Abstract:
The application of phosphorus (P) fertilisers to grassland systems is a common
practice to increase and sustain grassland productivity. This is requisite for satisfying
the nutritional needs of grazing animals and increasing dairy and livestock output. The
costs of such fertilisers are increasing and the demands for such fertiliser will also
most likely rise following governmental targets set in Ireland to increase national
agricultural output. However, the application of P fertiliser to grassland systems can
contribute to the eutrophication of water-courses, since fertiliser applications can
result in the accumulation of P at the soil surface. One potential way to facilitate plant
P acquisition in grasslands may be associated with the soil biota. In particular, the soil
microbial biomass is recognised as a potential P pool that can provide a source of
bioavailable P to the plant community. The soil biota may also facilitate the
incorporation of P from the soil surface into the soil profile, since earthworms can
actively increase the transport of P-rich soil material from the surface belowground.
This project thus aimed to discern how P fertilisation affects microbial biomass
nutrient pools and biologically-mediated P incorporation in grassland systems, and
how this relates to plant P yields. To investigate this aim, two research questions were
proposed: (i) is the soil biota affected by commonly adopted P fertiliser strategies in
grassland systems?; (ii) what consequence does this hold for P acquisition by the plant
community?
An experiment was conducted to examine how the soil biota responded to different
rates of inorganic P fertilisation in two grassland sites of contrasting soil types over an
18 month period. This revealed that increasing P fertilisation did not affect microbial
biomass P concentrations in the soil. However, an effect was observed upon plant P
yield, in which greater plant P yields were obtained proportional to the P fertiliser
rate. Two laboratory experiments were conducted to further investigate this lack of
effect. These utilised soil from the same grassland sites and examined how nutrient
additions to the soil affected microbial biomass nutrient pools and activity. Results
from these experiments supported evidence from the field experiment, since the
application of P fertiliser did not affect microbial biomass nutrient pools following
fertiliser application, and supplementation of carbon (C) + P substrate to the soil did
not invoke respiratory responses between P fertiliser treatments. Nevertheless,supplementation with C + nitrogen (N) and C+N+P substrates was found to suppress
microbial respiration. This was attributed to greater C assimilation by the microbial
community in these particular substrate-induced respiration treatments.

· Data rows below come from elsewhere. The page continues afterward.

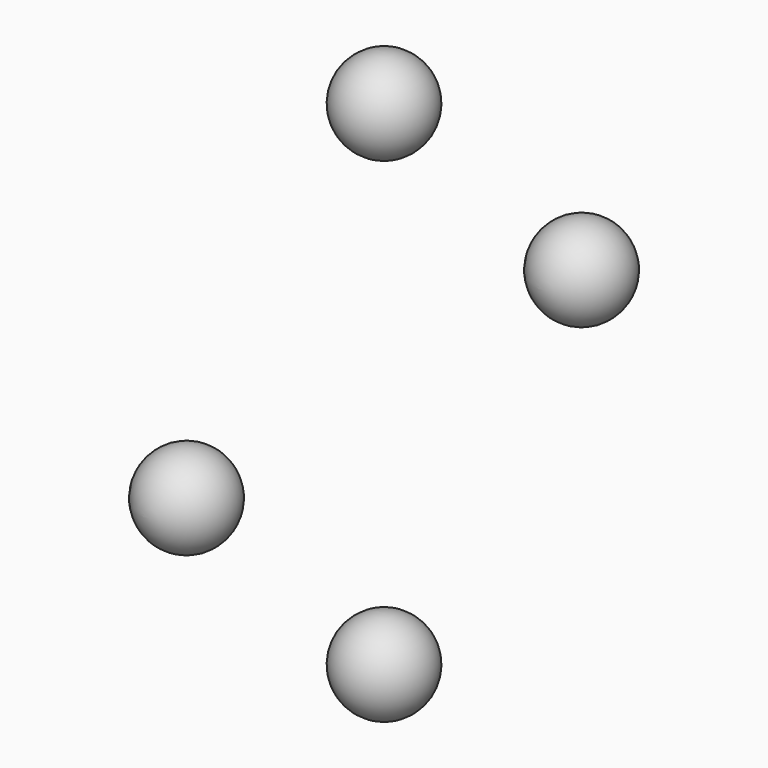
from build123d import *

# Parameters (mm, degrees)
F1_COPIES_COUNT = 4


# Not quite as in the source:
# - a pattern or mirror of a feature is missing from the dataset's text; its kind, count and spacing are read off the source's solid


with BuildPart() as f1:
    # F0 (on Front) → F1 (revolve)
    with BuildSketch(Plane.XZ):
        with BuildLine():
            Line((0, 22.5), (0, 32.5))
            ThreePointArc((0, 32.5), (-5, 27.5), (0, 22.5))
        make_face()
    revolve(axis=Axis((0, 0, 27.5), (0, 0, -1)))


with BuildPart() as f1_copies_1:
    # F1_copies: instance of F1
    add(f1.part.rotate(Axis((0, 0, 0), (1, 0, 0)), 1 * 360 / F1_COPIES_COUNT))


with BuildPart() as f1_copies_2:
    # F1_copies: instance of F1
    add(f1.part.rotate(Axis((0, 0, 0), (1, 0, 0)), 2 * 360 / F1_COPIES_COUNT))


with BuildPart() as f1_copies_3:
    # F1_copies: instance of F1
    add(f1.part.rotate(Axis((0, 0, 0), (1, 0, 0)), 3 * 360 / F1_COPIES_COUNT))


solid = Compound([f1.part, f1_copies_1.part, f1_copies_2.part, f1_copies_3.part])

In order to investigate biologically-mediated P incorporation, a glasshouse-based
mesocosm scale experiment was carried out using two contrasting soils. Bulk soil (1 –
30 cm depth range) was derived from a nutrient poor grassland system, whereas the
soil for the 0 – 1 cm depth range was taken from an intensive system that was seven
times greater in labile inorganic P concentration. Three treatments were applied to
mesocosms in an incomplete factorial design, involving the inclusion of earthworms,
different botanical diversities (unplanted, monoculture or mixed plant community)
and different fertiliser types (organic or inorganic). The absent factorial combinations
involved the application of earthworms to unplanted mesocosms. With respect to the
earthworm treatment, results revealed that the presence of earthworms reduced labile
P concentrations in the 0 – 1 cm depth range of soil. The presence of different
botanical diversities or fertiliser types did not affect microbial biomass nutrient pools,
whilst the presence of mixed plant communities did increase plant P yields. However,
microbial and nematode community structures were affected in an idiosyncratic
manner by both botanical diversity and fertiliser type.
This project demonstrated the significance of grassland management regimes in
governing microbial biomass P concentrations. In particular, it was revealed that the
frequent defoliation of the sward appeared to uncouple the microbial community from
both fertiliser inputs and possibly plant P yields. The fact that an increase in plant P
yield with increasing P fertilisation was noted in the absence of microbial responses
suggests that the soil biota may not be crucial for plant P acquisition in such intensive
inorganic-fertiliser based regimes. This suggestion was also supported by the
mesocosm experiment, since plant P yields differed between botanical diversities but
no effects were observed on microbial biomass P concentrations. Furthermore, this
project showed the potential of the earthworm community to reduce P concentrations
in the volume of soil which poses the greatest risk to water quality. The collective
evidence highlights the need for further understanding of the consequences of
inorganic-based fertiliser management systems, since current strategies may not
adequately account for management effects on soil biological P cycling.